### Task item
With the line containing "v2: diameter 32, hole" as the start and the line containing "## Nets (pads, with" as the end, transcribe that span of the entries below exactly, including both.

### Supplied information
________

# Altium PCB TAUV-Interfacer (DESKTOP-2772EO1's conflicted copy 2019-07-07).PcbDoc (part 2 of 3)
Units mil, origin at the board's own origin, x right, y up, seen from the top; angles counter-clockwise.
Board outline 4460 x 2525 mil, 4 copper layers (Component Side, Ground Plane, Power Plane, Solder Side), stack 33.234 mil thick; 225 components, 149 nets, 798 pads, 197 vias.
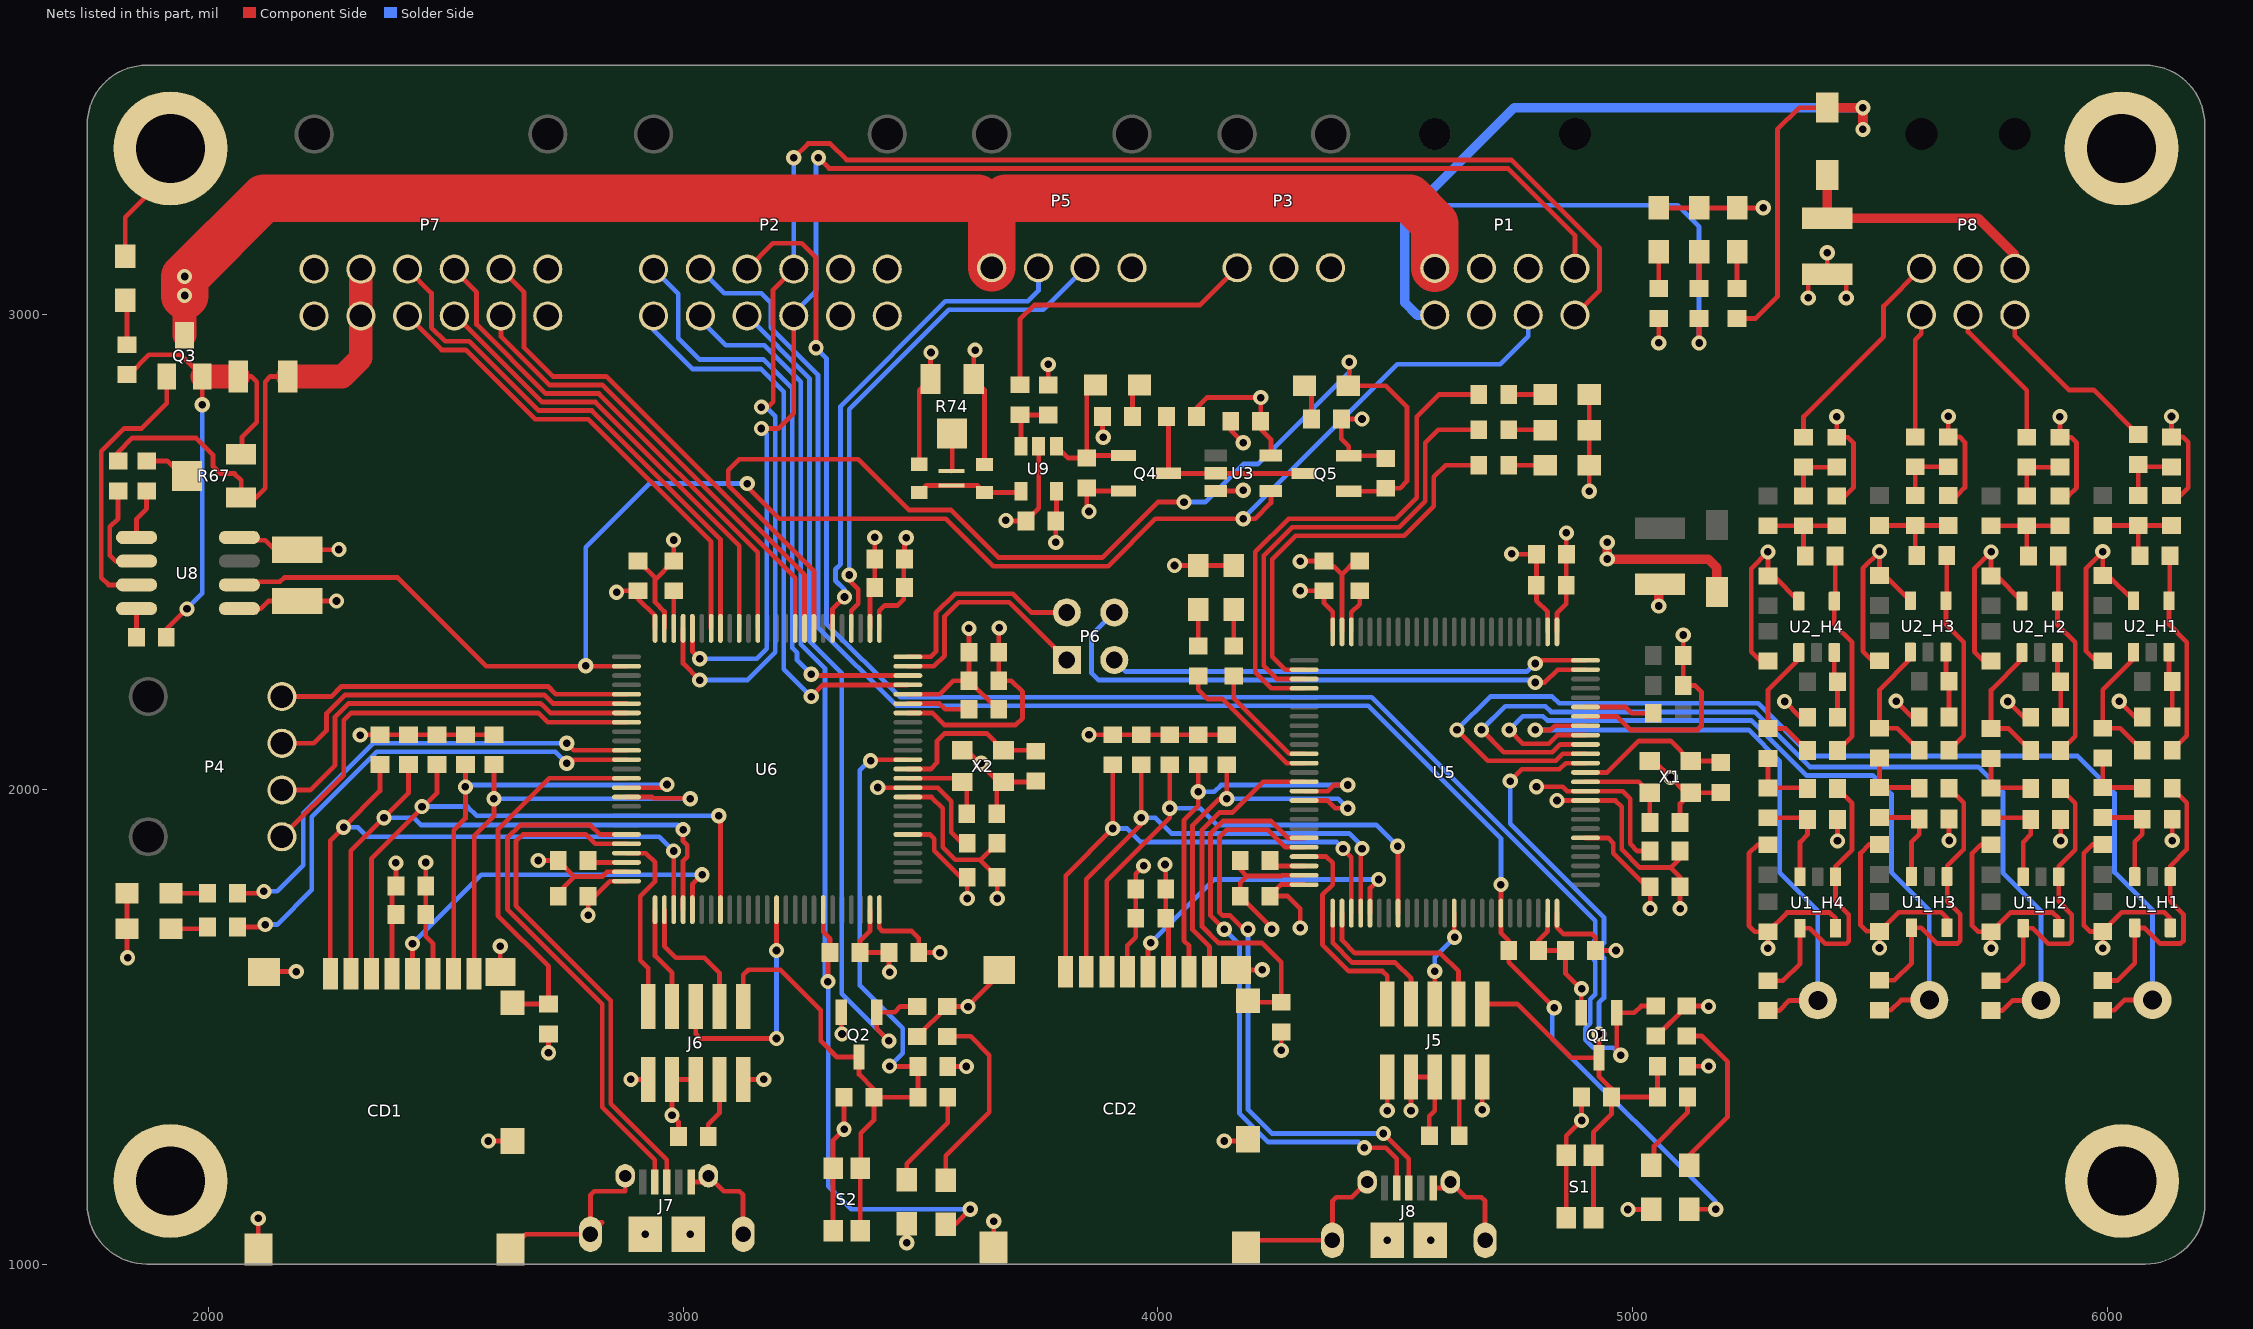
[diagram p4: the nets of this part, all layers, seen from the top]

## Via types
v1: diameter 32, hole 16, Component Side to Solder Side, tented both sides, 193 vias
v2: diameter 32, hole 16, Component Side to Solder Side, 4 vias

## Nets (pads, with @x,y where several pads share a name; then routed paths per layer and width w, separated by ;. In a path a pad name is that pad's centre, name@x,y a point inside that pad or via, vN(x,y) a via of type N, cw(c..) or ccw(c..) an arc to the next point about the centre after c; other vN are vias at no path point) (continued)
GND: C1_H1.2 C1_H2.2 C1_H3.2 C1_H4.2 C2_H1.1 C2_H2.1 C2_H3.1 C2_H4.1 C3_H1.2 C3_H2.2 C3_H3.2 C3_H4.2 C4_H1.1 C4_H2.1 C4_H3.1 C4_H4.1 C7_H1.1 C7_H2.1 C7_H3.1 C7_H4.1 C8_H1.1 C8_H2.1 C8_H3.1 C8_H4.1 C9.1 C17.1 C18.1 C19.1 C20.1 C21.1 C22.1 C23.1 C24.1 C25.1 C26.1 C27.1 C28.1 C29.1 C30.1 C31.1 C32.1 C33.1 C34.1 C35.1 C36.1 C37.1 C38.1 C39.1 C40.1 C41.1 C42.1 C43.1 C44.1 C45.1 C46.1 C47.1 C48.1 C53.2 C55.1 C56.2 C57.1 C58.2 CD1.6 CD1.10 CD1.11 CD1.12 CD1.13 CD1.14 CD2.6 CD2.10 CD2.11 CD2.12 CD2.13 CD2.14 D1.1 D2.1 D3.1 D4.1 D5.1 D6.1 D7.1 D8.1 D9.1 D10.1 D11.1 J5.3 J5.5 J5.9 J6.3 J6.5 J6.9 J7.5 J7.6 J7.7 J7.8 J7.9 J7.10 J7.11 J8.5 J8.6 J8.7 J8.8 J8.9 J8.10 J8.11 MH1.0 MH2.0 MH3.0 MH4.0 P1.6 P1.7 P2.5 P2.6 P2.11 P2.12 P3.2 P5.1 P7.1 P7.6 P7.7 P7.12 P8.5 Q1.2 Q2.2 Q4.2 Q5.2 R9_H1.1 R9_H2.1 R9_H3.1 R9_H4.1 R10_H1.1 R10_H2.1 R10_H3.1 R10_H4.1 R12.2 R13.2 R14.2 R15.2 R41.1 R44.2 R45.2 R46.2 R47.1 R49.2 R50.2 R51.2 R73.2 R74.3 S1.2 S2.2 U1_H1.5 U1_H2.5 U1_H3.5 U1_H4.5 U2_H1.5 U2_H2.5 U2_H3.5 U2_H4.5 U3.3 U5.10 U5.19 U5.26 U5.49 U5.74 U5.99 U6.10 U6.19 U6.26 U6.49 U6.74 U6.99 U8.4 U9.2 X1.2 X1.4 X2.2 X2.4 | length 15227.6
  Component Side w10: D5.1@1825,3122.52 1825,3205 MH3.0@1950,3330 ; D1.1@1828.74,1781.24 D3.1@1828.74,1706.12 1828.74,1646.26 v1(1830,1645) ; U8.4@2065.33,2530.49 2071.1,2524.72 2120,2524.72 2140.1,2504.63 C55.1@2187.07,2504.63 2274.63,2504.63 v1(2275,2505) ; CD1.12@2105.32,1030.77 v1(2105.32,1096.22) ; CD1.13@2117.13,1615.41 2117.68,1615.96 v1(2185,1615.96) ; v1(2458.07,1845.85) C46.1@2458.07,1796.12 C45.1@2458.07,1736.12 2458.07,1690 2473.43,1674.65 CD1.6@2473.43,1611.87 ; v1(2590,1259.11) CD1.10@2640.95,1259.11 ; v1(2615,1669.41) 2615,1615.96 CD1.14@2615.55,1615.41 ; CD1.11@2636.81,1030.77 2668.82,1062.78 J7.10@2804.8,1062.78 2829.6,1087.57 2805.09,1087.57 2805.09,1145.94 2812.71,1153.55 2878.13,1153.55 J7.11@2878.13,1185.81 ; v1(2695,1850) C25.1@2737.01,1850 2770.79,1816.22 ; C28.1@2737.01,1775 2737.01,1782.44 2770.79,1816.22 ; U6.74@2880.87,1826.16 2839.94,1826.16 2830,1816.22 2770.79,1816.22 ; C29.1@2905,2480.98 2940.91,2445.08 2940.91,2441.61 ; U6.49@2960.59,2338.96 2960.59,2374.41 2940.91,2394.09 2940.91,2441.61 ; v1(2980,2525) 2980.28,2524.72 C26.1@2980.28,2480.98 2940.91,2441.61 ; R47.1@2990.16,1268.84 2990.16,1299.84 v1(2976.65,1313.35) J6.3@2976.65,1388.84 J6.5@3026.65,1388.84 ; J7.5@3016.91,1173.01 3040.53,1173.01 J7.6@3053.33,1185.81 3085.58,1153.55 3118.75,1153.55 3126.37,1145.94 3126.37,1062.78 J7.7@3126.65,1062.78 ; J6.9@3126.65,1388.84 v1(3170,1388.84) ; S2.2@3315.95,1070.18 S2.2@3315.95,1202.07 3315.95,1260.95 v1(3339.06,1284.06) C24.1@3339.06,1351.12 ; Q2.2@3333.15,1530.61 3333.15,1486.08 v1(3334.61,1484.63) ; U6.99@3393.66,1746.44 3393.66,1701.34 3372.56,1680.24 R50.2@3372.56,1656.12 C32.1@3433.5,1656.12 3433.5,1616.5 v1(3435,1615) ; U6.26@3413.35,2338.96 3413.35,2375.59 3425,2387.24 3452.24,2387.24 3465,2400 3465,2483.5 C39.1@3466.5,2485 3466.5,2526.5 v1(3470,2530) ; U6.10@3473.39,1983.64 3523.03,1983.64 3547,1959.67 3547,1877.81 3573.15,1851.66 3626.95,1851.66 ; U6.19@3473.39,2160.81 3525.24,2160.81 3550.4,2135.64 3700.64,2135.64 3715,2150 3715,2205 3691.18,2228.82 C40.1@3665,2228.82 C41.1@3665,2288.82 3665,2338.94 v1(3666.06,2340) ; R49.2@3493.35,1479.63 3556.06,1542.34 R51.2@3556.06,1542.62 3599.72,1542.62 3666.06,1608.96 CD2.13@3666.06,1619.29 ; X2.2@3588.19,2082.15 3597.85,2082.15 X2.4@3664.78,2015.22 ; v1(3615,2925) 3612.13,2922.13 R74.3@3612.13,2863.85 3635,2840.98 R73.2@3635,2684.06 ; CD2.12@3654.25,1034.65 v1(3654.25,1090) ; C22.1@3660.55,1948.76 3660.55,2010.98 X2.4@3664.78,2015.22 ; v1(3661.5,1770) C27.1@3661.5,1814.55 3626.95,1849.09 3626.95,1851.66 ; C31.1@3661.5,1886.21 3626.95,1851.66 ; v1(3680,2566.38) 3681.38,2565 C56.2@3722.01,2565 3748.98,2591.97 U9.2@3748.98,2722.24 ; C23.1@3742.56,2017.26 3740.51,2015.22 X2.4@3674.8,2015.22 X2.4@3664.78,2015.22 ; C57.1@3768.98,2851.5 v1(3768.98,2895) ; v1(3855,2585) 3850,2590 R12.2@3850,2634.57 3856.38,2628.19 Q4.2@3927.76,2628.19 ; R15.2@3883.5,2785 3883.5,2742.99 v1(3885,2741.5) ; v1(4015,1841.66) 4016.5,1840.17 C48.1@4016.5,1790 C47.1@4016.5,1728.5 4022.36,1722.64 CD2.6@4022.36,1615.75 ; v1(4035,2471.26) D4.1@4085,2471.26 D2.1@4160,2471.26 D2.1@4163.74,2475 ; U3.3@4121.93,2628.19 4178.19,2628.19 v1(4180,2630) ; v1(4140,1259.11) 4186,1259.11 CD2.10@4189.88,1262.99 ; C9.1@4153.5,2775 4153.5,2756.5 v1(4180,2730) ; CD2.14@4164.49,1619.29 4219.29,1619.29 v1(4220,1620) ; C20.1@4173.5,1850 4173.5,1831.5 4187.69,1817.31 ; CD2.11@4185.75,1034.65 4201.1,1050 J8.10@4367.58,1050 4367.87,1050 4367.87,1133.16 4375.48,1140.78 4408.65,1140.78 J8.11@4440.91,1173.03 ; v1(4240,1705) 4240,1708.5 C35.1@4173.5,1775 4173.5,1803.13 4187.69,1817.31 ; v1(4300,2480) 4300.98,2480.98 C38.1@4335,2480.98 ; U5.74@4308.11,1818.88 4261.16,1818.88 4259.6,1817.31 4187.69,1817.31 ; C38.1@4350,2480.98 C38.1@4346.75,2480.98 ; C38.1@4350,2484.23 C38.1@4346.75,2480.98 ; U5.49@4387.83,2331.67 4387.83,2452.17 ; C21.1@4425,2480.98 4415.98,2480.98 4387.83,2452.83 4387.83,2452.17 ; v1(4430,2780) R14.2@4386.5,2780 4386.5,2737.99 4402.24,2722.24 Q5.2@4402.24,2702.4 4474.61,2702.4 R13.2@4480,2697.01 ; v1(4533.23,1323.23) J5.3@4533.23,1394.25 J5.5@4583.23,1394.25 4583.23,1323.23 4571.81,1311.81 R41.1@4571.81,1270 ; J8.5@4579.69,1160.24 4603.31,1160.24 J8.6@4616.1,1173.03 4648.36,1140.78 4681.53,1140.78 4689.14,1133.16 4689.14,1050 J8.7@4689.43,1050 ; v1(4683.11,1325) 4683.23,1325.12 J5.9@4683.23,1394.25 ; U5.99@4820.91,1739.15 4820.91,1700.91 4801.93,1681.93 R45.2@4801.93,1660.49 C33.1@4858.5,1660.49 4858.5,1612.13 4891.54,1579.09 Q1.2@4891.54,1529.09 ; v1(4840.59,1976.36) U5.10@4900.63,1976.36 4963.64,1976.36 4977,1963 4977,1873.21 5015,1835.21 5079.79,1835.21 5080,1835 ; U5.26@4840.59,2331.67 4840.59,2370.59 4860.39,2390.39 C42.1@4860.39,2495 v1(4860.39,2540) ; S1.2@4860.39,1097.17 S1.2@4860.39,1229.05 4860.39,1270.39 v1(4892.44,1302.44) C19.1@4892.44,1351.85 ; U5.19@4900.63,2153.52 4966.48,2153.52 4995,2125 5136.54,2125 5145,2133.46 5145,2205 5131.24,2218.76 C43.1@5106.5,2218.76 C44.1@5106.5,2281.75 v1(5106.5,2325) v1@5106.5,2329.85 ; v1(4908.65,2627.6) D11.1@4908.65,2682.36 D8.1@4908.65,2756.5 D6.1@4908.65,2831.5 ; X1.2@5036.02,2059.55 5045.45,2059.55 v1(5080,2025) 5112.38,1992.62 X1.4@5122.64,1992.62 ; R44.2@5048.94,1480.35 5050.94,1480.35 R46.2@5113.94,1543.35 5159.27,1543.35 v1(5160,1542.62) ; D9.1@5054.82,3224.56 D7.1@5140,3224.56 D10.1@5220,3224.56 5274.56,3224.56 v1(5275,3225) ; C36.1@5099.88,1870 5099.88,1854.88 5080,1835 ; C17.1@5099.88,1930 5099.88,1969.86 X1.4@5122.64,1992.62 ; v1(5100,1748.74) 5099.88,1748.86 C34.1@5099.88,1795 5099.88,1815.12 5080,1835 ; C18.1@5185.67,1993.5 5184.78,1992.62 X1.4@5122.64,1992.62 ; 5245,1862.38 5245,1712.62 5257.62,1700 C2_H4.1@5285,1700 ; 5245,1865 5262.99,1882.99 C1_H4.2@5285,1882.99 ; v1(5285,1665) C2_H4.1@5285,1700 ; C4_H4.1@5285,2270 5270,2270 5250,2290 5250,2465 v1(5285,2500) C3_H4.2@5285,2449.49 5297.01,2449.49 U2_H4.5@5350,2396.5 ; v1(5320,2185) 5353.5,2151.5 R10_H4.1@5368.5,2151.5 ; v1(5370,3035) 5370,3070 5384.84,3084.84 C58.2@5410,3084.84 ; v1(5410,3130) C58.2@5410,3084.84 ; U1_H4.5@5427.4,1707.36 5427.4,1727.97 5415,1740.37 5325.37,1740.37 C2_H4.1@5285,1700 ; R9_H4.1@5430,2617.99 5447.99,2617.99 5465,2635 5465,2730 5453.5,2741.5 C7_H4.1@5430,2741.5 v1(5430,2784.59) ; v1(5431.5,1891.36) C8_H4.1@5431.5,1936.5 ; v1(5450,3035) 5450,3079.84 5445,3084.84 C58.2@5410,3084.84 ; v1(5520,1665.75) C2_H3.1@5520,1700.75 ; C1_H3.2@5520,1883.74 5497.99,1883.74 5480,1865.75 5480,1713.37 5492.62,1700.75 C2_H3.1@5520,1700.75 ; C4_H3.1@5520,2270.75 5505,2270.75 5485,2290.75 5485,2465.75 v1(5520,2500.75) C3_H3.2@5520,2450.24 5532.01,2450.24 U2_H3.5@5585,2397.24 ; v1(5555,2185.75) 5588.5,2152.24 R10_H3.1@5603.5,2152.24 ; U1_H3.5@5662.4,1708.11 5662.4,1728.72 5650,1741.12 5560.37,1741.12 C2_H3.1@5520,1700.75 ; R9_H3.1@5665,2618.74 5682.99,2618.74 5700,2635.75 5700,2730.75 5688.5,2742.24 C7_H3.1@5665,2742.24 v1(5665,2785.33) ; v1(5666.5,1892.11) C8_H3.1@5666.5,1937.24 ; v1(5755,1665) C2_H2.1@5755,1700 ; C1_H2.2@5755,1882.99 5732.99,1882.99 5715,1865 5715,1712.62 5727.62,1700 C2_H2.1@5755,1700 ; C4_H2.1@5755,2270 5740,2270 5720,2290 5720,2465 v1(5755,2500) C3_H2.2@5755,2449.49 5767.01,2449.49 U2_H2.5@5820,2396.5 ; v1(5790,2185) 5823.5,2151.5 R10_H2.1@5838.5,2151.5 ; U1_H2.5@5897.4,1707.36 5897.4,1727.97 5885,1740.37 5795.37,1740.37 C2_H2.1@5755,1700 ; R9_H2.1@5900,2617.99 5917.99,2617.99 5935,2635 5935,2730 5923.5,2741.5 C7_H2.1@5900,2741.5 v1(5900,2784.59) ; v1(5901.5,1891.36) C8_H2.1@5901.5,1936.5 ; v1(5990,1665.59) C2_H1.1@5990,1700.59 ; C1_H1.2@5990,1883.58 5967.99,1883.58 5950,1865.59 5950,1713.21 5962.62,1700.59 C2_H1.1@5990,1700.59 ; C4_H1.1@5990,2270.59 5975,2270.59 5955,2290.59 5955,2465.59 v1(5990,2500.59) C3_H1.2@5990,2450.08 6002.01,2450.08 U2_H1.5@6055,2397.09 ; v1(6025,2185.59) 6058.5,2152.09 R10_H1.1@6073.5,2152.09 ; U1_H1.5@6132.4,1707.95 6132.4,1728.56 6120,1740.96 6030.37,1740.96 C2_H1.1@5990,1700.59 ; R9_H1.1@6135,2618.58 6152.99,2618.58 6170,2635.59 6170,2730.59 6158.5,2742.09 C7_H1.1@6135,2742.09 v1(6135,2785.18) ; v1(6136.5,1891.95) C8_H1.1@6136.5,1937.09 ; C38.1@4335,2480.98 4345.98,2470 4370,2470 4387.83,2452.17 ; C38.1@4335,2480.98 C38.1@4346.75,2480.98
  Component Side w20: v1(5055.06,2385.98) 5055.06,2429.37 C53.2@5057.62,2431.93
  other v1: 3600,1542.34 4892.44,1580 3627.95,2055
  other v2: 4483.23,1050 4575,1050 2920,1062.78 3015,1062.78
HALL_SENSE: P1.3 U3.4 U6.52 U8.2 | length 3612.2
  Component Side w10: U8.2@2065.33,2430.49 2065.33,2436.92 2150.92,2436.92 2160,2446 2399,2446 2585.77,2259.23 U6.52@2880.87,2259.23 ; v1(3135,2643.94) 3135,2637.32 3202.32,2570 3553.19,2570 3653.19,2470 3895,2470 3995,2570 v1(4180,2570) 4205,2570 4238.07,2603.07 U3.4@4238.07,2628.19
  Solder Side w10: v1(2795,2260) 2795,2510 2928.94,2643.94 v1(3135,2643.94) ; v1(4180,2570) 4180,2571.01 4503.99,2895 4720.69,2895 4780.08,2954.39 P1.3@4780.08,2998.9
HYDRO1: R5_H1.2 TP1_H1.1 U5.15 | length 2385.1
  Component Side w10: v1(4630,2125) 4695,2060 4838.38,2060 4853.16,2074.78 U5.15@4900.63,2074.78 ; R5_H1.2@5990,1534.47 6013.88,1534.47 6035.37,1555.96 TP1_H1.1@6095,1555.96
  Solder Side w10: v1(4630,2125) 4700.28,2195.28 4830.72,2195.28 4845,2181 5264.62,2181 5375.62,2070 5937.13,2070 6015,1992.13 6015,1824.84 6095,1744.84 TP1_H1.1@6095,1555.96
HYDRO2: R5_H2.2 TP1_H2.1 U5.16 | length 2025.5
  Component Side w10: v1(4681.65,2125) 4728.65,2078 4830.92,2078 4847.39,2094.47 U5.16@4900.63,2094.47 ; R5_H2.2@5755,1533.88 5778.88,1533.88 5800.37,1555.37 TP1_H2.1@5860,1555.37
  Solder Side w10: v1(4681.65,2125) 4731.65,2175 4816.28,2175 4828.28,2163 5257.16,2163 5373.04,2047.13 5727.87,2047.13 5780,1995 5780,1824.25 5860,1744.25 TP1_H2.1@5860,1555.37
HYDRO3: R5_H3.2 TP1_H3.1 U5.17 | length 1646
  Component Side w10: v1(4740,2125) 4769,2096 4823.46,2096 4841.62,2114.15 U5.17@4900.63,2114.15 ; R5_H3.2@5520,1534.63 5543.88,1534.63 5565.37,1556.12 TP1_H3.1@5625,1556.12
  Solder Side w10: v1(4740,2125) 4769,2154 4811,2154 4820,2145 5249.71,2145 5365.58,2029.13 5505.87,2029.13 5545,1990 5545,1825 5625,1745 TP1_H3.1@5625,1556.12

________

### Written answer
v2: diameter 32, hole 16, Component Side to Solder Side, 4 vias

## Nets (pads, with @x,y where several pads share a name; then routed paths per layer and width w, separated by ;. In a path a pad name is that pad's centre, name@x,y a point inside that pad or via, vN(x,y) a via of type N, cw(c..) or ccw(c..) an arc to the next point about the centre after c; other vN are vias at no path point) (continued)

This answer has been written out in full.